Speaker: Gil Chamiel, Director of Algorithms and Data Science @ Taboola
Title: Deep And Shallow Learning in Recommendation Systems
Video: https://www.youtube.com/watch?v=nghXG5OiUno&index=12&t=0s&list=PLZYkt7161wEIjQOuWA93Tt4JS8DgCyz53
Abstract: A/B testing is a central statistical procedure used frequently by data-scientists. Unfortunately, the standard A/B testing framework was originally designed to cope with a handful number of tests, while these days, conducting tens and even hundreds of tests, simultaneously, is a common scenario.
Directly applying the standard procedure, however, is highly problematic as many tests imply many false-discoveries, that potentially lead to sub-optimal performances. With the goal of controlling the false-discovery-rate, several procedures were designed: probably the most naive one is Bonferroni correction; More advanced schemes are Fisher's least-significant-difference, Benjamini-Hochberg etc. Yet, utilizing these schemes comes with the price of high False-negative rate that scales with the number of tests being conducted.
In this talk we discuss our attempt to bypass these challenges by utilizing a Bayesian Multi-Armed-Bandit approach, namely, Thompson-Sampling (TS) that operates in an online-learning manner. We share our experience and insights based on simulations and real-life experiments.
Finally, we discuss some generalizations of the standard TS scheme we made, that allow us to optimize over (non-trivial) statistical quantities (i.e., unnecessarily the conversion-rate/click-through-rate, which are of obvious interest, but users Life-Time-Value (LTV) etc).
Speaker: Oren Shamir, Head of CV Algorithm Development @ Innoviz Technologies
Title: Neural networks for point clouds: Adding the 3rd Dimension
Video: https://www.youtube.com/watch?v=aE3mfLm5dMA&t=0s&list=PLZYkt7161wEIjQOuWA93Tt4JS8DgCyz53&index=11
Abstract: Since Alexnet, DNNs have been used with rapidly increasing success to perform a wide variety of tasks on 2D images.
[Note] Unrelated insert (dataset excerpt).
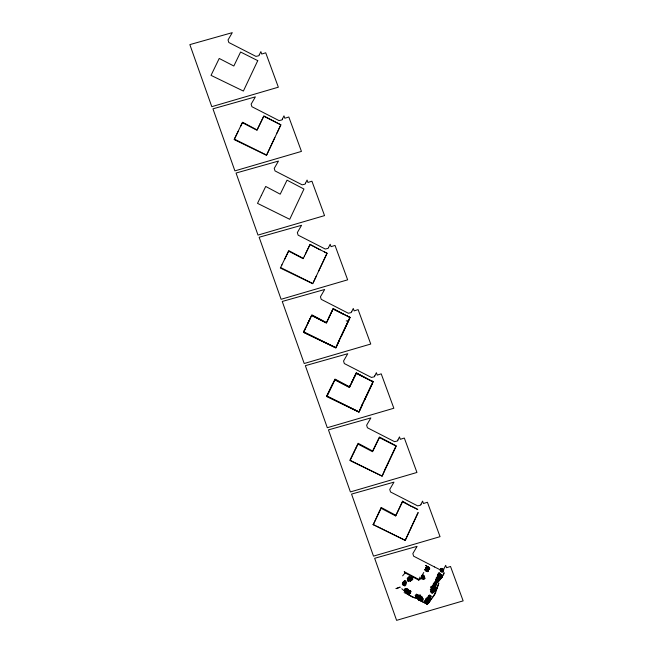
<?xml version="1.0" encoding="UTF-8"?>
<svg xmlns="http://www.w3.org/2000/svg" width="653" height="653" viewBox="0 0 653 653"><rect width="100%" height="100%" fill="white"/><g stroke="black" fill="none" stroke-linecap="round" stroke-linejoin="round"><path stroke-width="0.98" d="M395.718 515.233L381.213 507.512L381.115 508.32L395.653 515.919L402.526 501.21L411.374 506.353L402.542 501.814L402.526 501.21M423.479 575.979L420.916 578.427L418.818 579.44L404.313 571.718L405.154 572.901L418.753 580.133L420.01 576.999M415.422 597.846L417.185 598.172L419.144 600.164L427.299 604.254C430.817 600.025 434.612 595.414 436.106 589.912L436.718 589.251L436.228 589.7C436.065 595.397 430.907 598.703 427.299 602.36M362.04 404.795L372.855 381.85L356.342 373.394L349.453 387.498L334.916 379.899L327.022 396.281L359.028 411.904L361.95 404.991M436.228 588.753L437.208 587.863L438.808 583.137L436.596 589.463L435.739 588.255M418.753 580.133L420.916 578.427L422.009 575.432M442.579 575.97L444.056 572.648C444.342 575.236 441.257 575.791 442.701 575.766L440.751 577.554M429.862 599.911L427.291 597.634L428.392 596.532L430.833 599.013C429.682 602.588 426.613 607.012 424.483 601.054M376.65 526.187L405.235 540.366L373.222 524.702L381.115 508.32M318.599 271.191L313.562 281.925M338.85 340.784L335.928 347.698L303.686 332.369L311.554 315.53L326.508 323.006L332.973 309.049L349.894 317.358L338.94 340.58M339.103 340.907L335.813 347.935L303.441 332.246L311.914 314.877L326.418 322.598M339.193 340.703L341.699 335.397M362.203 405.113L359.762 410.345M362.293 404.909L364.798 399.612M385.05 469.205L382.127 476.119L352.106 461.573L350.122 460.496L353.681 453.002M385.139 469.001L395.955 446.056L379.442 437.608L372.553 451.713L358.015 444.105L356.187 447.836M387.898 463.818L382.136 476.151L349.91 460.194L353.706 452.382M410.998 528.032L405.235 540.366L417.944 512.629M267.73 152.769L274.848 137.546M316.272 276.17L312.714 283.72L280.341 268.032L281.957 264.8M318.386 271.575L327.047 253.266L324.361 251.927M339.372 340.384L335.928 347.731L303.71 331.765L305.057 329.006M341.486 335.781L348.898 320.117M364.586 399.995L373.247 381.687L356.195 373.026L354.024 377.532M362.472 404.591L358.913 412.141L326.541 396.453L335.013 379.091L349.518 386.813L350.71 384.372M318.656 271.077L327.055 253.258L309.987 244.597L305.408 254.066M341.756 335.291L350.147 317.48L347.461 316.142M364.856 399.497L371.998 384.331M387.955 463.712L396.355 445.893L379.426 437.004L372.618 451.019L358.113 443.297L353.738 452.325M411.055 527.918L418.222 512.695M276.945 133.106L280.855 124.837L263.698 116.226L256.939 130.225L242.32 122.674L234.125 139.571L266.489 155.275L280.847 124.845L263.926 115.948L257.119 129.971L242.614 122.25L240.59 126.421M267.485 153.292L266.628 155.096L234.411 139.138L238.206 131.335M330.924 313.318L333.087 308.812L350.155 317.472M261.339 195.484L265.714 186.456L280.219 194.178L287.026 180.163L303.955 189.043L289.728 219.31L257.511 203.344L261.306 195.541M284.439 259.698L286.789 254.841M307.539 323.904L309.889 319.048M330.638 388.119L332.989 383.262M379.189 511.683L373.222 524.702M281.672 265.289L288.577 251.087L303.155 258.678L304.51 255.943M286.896 254.629L288.814 250.67L303.319 258.392M330.606 388.176L326.81 395.979L359.028 411.945M353.706 452.945L356.081 448.048M379.295 511.47L381.213 507.512M327.61 320.158L326.255 322.884L311.677 315.293M328.508 318.272L333.226 308.583L343.176 314.069M351.608 382.487L356.326 372.79L366.276 378.275M304.331 256.262L310.126 244.369L320.076 249.854M327.431 320.468L330.124 315.015M353.224 379.23L349.355 387.098L334.777 379.507M402.542 501.814L395.653 515.919M423.773 572.469L421.895 575.636L423.968 577.423M405.358 580.974L403.285 582.982L402.917 582.272M404.403 583.447L405.75 585.153L404.77 586.043L402.444 583.349M402.321 583.553L402.934 582.9M403.897 581.374L406.215 584.076L405.733 584.525L403.889 582.321M404.893 583.945L403.309 585.496L402.444 584.296M402.934 583.847L402.33 584.5M402.795 582.484L404.868 580.476M404.868 581.423L406.215 583.129L405.733 583.578M403.423 584.345L404.28 583.66M403.913 583.896L402.811 583.113M404.868 583.317L406.337 581.978M408.288 579.235L410.615 577.219L410.125 576.721L408.656 578.06M409.757 579.782L411.104 578.656L410.615 579.105L408.656 577.113M409.145 580.444L410.247 579.342M409.668 591.022L407.219 588.533L404.778 590.769L404.411 590.067M405.758 590.826L405.268 591.267L406.362 592.059M409.178 593.365L408.207 594.254L406.852 592.557M407.831 593.553L410.647 591.071L409.676 591.969L410.166 592.467L411.137 591.569L410.157 590.573L407.717 592.81M425.723 567.784L426.703 568.779L425.723 567.784L426.336 567.13L427.315 568.126L426.703 568.779M424.752 569.628L426.221 571.122L424.752 569.628L426.336 568.077M426.336 567.13L428.784 569.62M426.213 568.281L426.458 567.865L425.732 568.73L428.172 571.22L427.805 570.51L429.756 568.722L425.625 565.425L429.372 567.473M422.009 577.317L421.52 576.819M422.499 574.983L424.825 577.676L422.875 579.472L421.528 577.766M428.776 568.673L427.682 567.89L428.286 567.228L425.356 569.914M425.242 570.126L425.846 569.465M426.825 567.628L427.797 566.731L429.641 568.934L427.805 570.51M422.499 575.93L421.405 577.032M422.989 575.481L423.479 575.032M427.193 568.339L427.429 567.914M422.499 576.877L423.968 578.362M422.499 577.815L423.854 579.521L424.948 578.419M426.711 570.673L427.691 571.669L425.732 569.677M422.989 577.374L421.405 578.925L420.916 578.427M423.968 576.477L424.458 576.028M423.479 577.864L424.458 576.974M429.266 568.224L426.221 571.122M424.458 577.921L424.825 578.623M417.185 597.226L416.581 597.887L415.602 596.891L417.063 595.544M417.185 598.172C410.786 598.27 406.493 592.402 401.783 588.761M417.675 597.724L415.112 595.446M417.675 598.67L420.001 596.638L418.042 594.654L417.553 595.095M418.165 598.221L419.144 599.217M418.655 598.719L419.512 598.034M418.655 599.666L419.512 598.981M419.144 600.164L427.421 604.041C425.878 603.739 430.556 599.397 429.739 601.07M419.022 598.483L421.103 600.262M438.424 575.995L437.559 574.787M442.579 571.244L440.62 569.253L441.346 568.388L441.599 569.31M440.62 569.253L441.346 568.388M432.319 588.557L430.849 587.063M440.62 570.2L442.326 568.437L443.787 569.93M430.727 587.276L431.339 586.614M438.31 579.791L436.343 577.799M436.833 577.35L437.812 578.346M438.049 575.285L438.906 574.599M441.11 569.751L440.857 568.836M436.351 579.693L435.861 579.195M433.29 586.712L432.31 585.725M432.8 585.276L434.759 587.267M434.408 582.443L435.265 583.643L437.828 581.194M440.253 570.436L442.326 568.437M431.829 587.112L432.8 586.214M437.33 579.742L436.237 580.852L435.861 580.142M436.841 578.305L435.747 579.407M434.898 581.994L435.877 582.99M437.322 577.848L438.302 576.958M438.179 576.224L438.538 575.783M436.857 583.039L435.273 584.598L433.804 583.105L435.388 581.545M439.763 573.726L441.118 575.424L441.118 578.264L437.224 582.803L436.849 582.092M434.416 583.39L434.906 582.941M436.841 579.244L438.187 580.95L439.657 579.603L438.302 577.897M427.413 600.262L425.952 598.768M432.319 587.61L431.217 586.827M431.225 589.659L434.147 586.974L433.29 585.774M434.269 583.929L432.196 585.929M439.518 574.893L438.416 574.101L437.445 574.999M439.771 574.673L436.228 578.011M425.462 600.164L428.278 603.356L427.911 602.646M431.829 589.006L433.176 590.704M432.8 587.161L435.249 589.651M426.809 598.083L427.299 598.581L426.809 598.083L425.829 598.981M434.269 584.876L433.176 585.978M435.877 582.043L436.849 581.146M440.253 574.224L441.599 574.975L441.232 575.22M424.972 601.552L426.923 599.764M432.319 592.336L431.094 591.096M432.808 588.108L434.759 590.1M437.812 579.293L439.763 577.505M438.783 577.456L437.2 576.166L437.69 575.726L440.138 578.207L437.82 580.239M425.462 601.103L427.299 603.307L426.809 603.756M429.78 597.634L428.923 596.434L430.27 595.299L431.241 596.295L429.78 597.634L428.433 595.936M434.767 591.047L432.204 593.495L430.858 591.789M434.269 585.823L436.106 588.018M440.253 575.171L440.742 574.722M427.78 598.132L426.809 599.03L428.882 600.809M431.339 591.34L430.735 592.002M434.759 585.374L433.168 584.092L433.657 583.643L436.106 586.133L433.78 588.157M428.311 596.14L429.405 595.038M433.298 588.606L431.225 590.606M435.877 583.937L434.784 583.153M440.261 576.109L439.151 575.326M428.392 597.471L429.372 598.466M434.759 586.321L436.71 584.525M437.339 581.643L436.735 581.358M440.742 575.668L435.747 580.354M426.442 601.152L427.903 599.813M428.882 599.862C428.058 598.352 426.466 600.148 428.392 598.417M433.184 592.597L430.245 589.61L436.22 584.027M438.792 579.35L439.281 579.848M428.882 597.03L424.368 601.266M434.269 587.708L436.228 589.7M426.931 600.711L427.788 601.911M432.074 592.091L432.449 591.855M433.788 589.104L434.269 588.655M429.413 596.932L430.751 595.797M431.837 592.785L435.624 589.414M437.714 581.407L438.318 581.692M441.722 575.717L440.628 574.926M427.421 601.209L430.343 598.515M433.788 590.051L434.645 591.259M428.882 598.915L429.862 598.017M441.608 576.868L441.844 576.452M434.759 589.153L436.718 587.365L437.208 587.863M439.649 576.77L441.24 578.052L438.196 581.905M430.874 596.532L429.29 595.25M428.392 601.258L428.882 601.756M442.089 575.473L441.118 576.37L442.097 577.366L438.179 573.383L439.159 572.493L440.138 573.489L439.159 574.379M430.833 599.013L428.27 596.736M416.336 547.606L412.843 553.622L413.627 556.185L434.482 566.926M416.369 547.557L417.079 546.332L374.651 558.299L396.6 620.35L463.148 600.874L450.521 566.469L446.546 567.726L445.673 565.318L443.656 569.408L440.751 570.085L434.539 566.951M402.615 575.856L405.154 572.901L404.313 571.718M410.37 577.913L411.349 577.015L412.81 578.509L412.329 578.958M411.349 578.909L412.321 578.011M410.615 580.052L411.594 579.154M412.084 579.652L410.125 581.439L407.186 578.452L409.145 576.664L409.635 577.162M404.289 590.271L405.268 589.381M405.75 588.933L406.239 588.484L408.688 590.973M426.336 570.91L426.825 570.461M406.248 590.377L407.219 589.479M406.248 591.324L408.198 589.528M427.691 571.669L428.295 571.008M406.248 592.263L407.709 590.924M406.737 592.761L407.227 592.312M408.198 591.422L409.178 590.524M441.11 571.644L442.089 570.746M415.602 595.944L417.063 594.597L416.573 595.046L417.553 596.042M416.573 596.94L418.042 595.593M417.553 596.989L419.993 594.752L420.483 595.25L419.512 596.14L420.981 597.634L420.001 598.532M418.042 597.487L417.071 598.385L419.022 600.376L422.442 597.242L421.463 596.246L420.491 597.136L422.442 599.128M441.118 578.264L442.212 577.154M420.981 600.474L422.932 598.679M430.98 591.308L431.47 590.859M422.45 600.074L423.422 599.176L419.993 595.699M432.204 591.602L434.155 589.814M425.838 602.76L426.809 601.862M346.221 320.917L348.212 320.86M373.255 381.679L370.529 380.421M417.283 509.111L411.872 506.377M375.81 525.779L373.01 524.4M280.61 267.559L312.828 283.524M404.125 592.557L414.549 597.683M417.765 509.569L411.79 506.557M404.958 591.422L409.333 595.12M442.081 568.861L443.55 570.355L441.599 572.142L440.13 570.649M441.11 568.812L442.089 569.808L442.816 568.934L441.11 570.698L442.579 572.191L443.55 571.293L443.06 570.795M439.159 578.158L439.649 578.656M435.265 581.758L436.735 583.243M436.106 584.239L436.596 584.737M436.596 587.569L437.086 588.067M423.356 575.244L424.336 576.24M430.735 589.161L433.665 592.149M411.839 578.46L412.818 579.456L412.329 579.905L410.125 577.66M408.166 577.554L409.145 578.558M410.125 579.554L411.104 580.55M408.656 578.999L410.615 580.999M426.923 598.817L427.413 599.315M404.754 580.688L406.215 582.182M420.491 598.083L416.573 594.099L415.594 594.997L416.083 595.495M421.96 599.576L422.94 600.572L422.45 601.021L419.022 597.536M417.063 596.491L418.532 597.985M409.178 591.471L410.647 592.965L409.668 593.855L407.227 591.373M406.239 589.43L405.268 588.435L404.778 588.884L406.737 590.875M406.729 589.928L408.688 591.92M410.157 593.414L409.178 592.418L408.207 593.308L405.268 590.328M257.747 60.639L243.389 91.061L211.025 75.364L219.22 58.46L233.839 66.01L240.598 52.02L257.747 60.639M259.323 54.77L258.849 55.725L255.952 56.395L228.819 42.502L228.044 39.939L232.272 32.65L189.852 44.616L211.792 106.668L278.349 87.192L265.722 52.787L261.747 54.036L260.865 51.636L259.323 54.77M282.423 118.977L281.949 119.932L279.051 120.609L251.919 106.717L251.144 104.145L255.372 96.864L212.951 108.831L234.9 170.874L301.449 151.406L288.822 117.001L284.847 118.25L283.973 115.85L282.423 118.977M305.522 183.191L305.049 184.146L302.151 184.815L275.019 170.923L274.244 168.36L278.472 161.071L236.051 173.037L258 235.088L324.549 215.612L311.922 181.208L307.947 182.456L307.073 180.057L305.522 183.191M328.622 247.397L328.149 248.352L325.251 249.03L298.119 235.137L297.344 232.574L301.572 225.285L259.151 237.251L281.1 299.294L347.649 279.827L335.022 245.422L331.047 246.671L330.173 244.271L328.622 247.397M351.722 311.612L351.249 312.567L348.351 313.244L321.219 299.343L320.443 296.78L324.672 289.491L282.251 301.457L304.2 363.509L370.749 344.033L358.122 309.628L354.146 310.877L353.273 308.477L351.722 311.612M374.822 375.818L374.349 376.773L371.451 377.45L344.319 363.558L343.543 360.995L347.771 353.706L305.351 365.672L327.3 427.715L393.849 408.247L381.221 373.843L377.246 375.091L376.373 372.692L374.822 375.818M397.922 440.032L397.448 440.987L394.551 441.665L367.419 427.764L366.643 425.201L370.871 417.912L328.451 429.878L350.4 491.929L416.949 472.454L404.321 438.049L400.346 439.306L399.473 436.898L397.922 440.032M421.022 504.247L420.556 505.193L417.651 505.871L390.527 491.978L389.743 489.415L393.979 482.126L351.551 494.092L373.5 556.136L440.049 536.668L427.421 502.263L423.446 503.512L422.573 501.112L421.022 504.247M407.676 579.897L407.194 580.346L407.684 580.844L408.166 580.395L407.676 579.897M408.411 580.639L407.929 581.088L408.419 581.586L408.9 581.137L408.411 580.639M400.036 587.169L396.11 588.614L400.036 587.169"/></g></svg>

This is the result of increased data availability, increased effective processing power, as well as incremental algorithmic improvements. Today, DNNs achieve super-human results on multiple tasks in the 2D data domain.
Processing of 3D data using DNNs has been studied less during that time. 3D sensors are less abundant, and are more variable in their capabilities and properties. In the past few years various methods for processing of 3D data have emerged, driven mainly by the medical imaging industry and, more recently, the autonomous car industry. 3D data may be unstructured, sparse and irregular, yielding unique challenges relative to 2D image data.
In this talk I will discuss the challenges of working with 3D data, and present an overview of approaches towards 3D data processing in DNNs.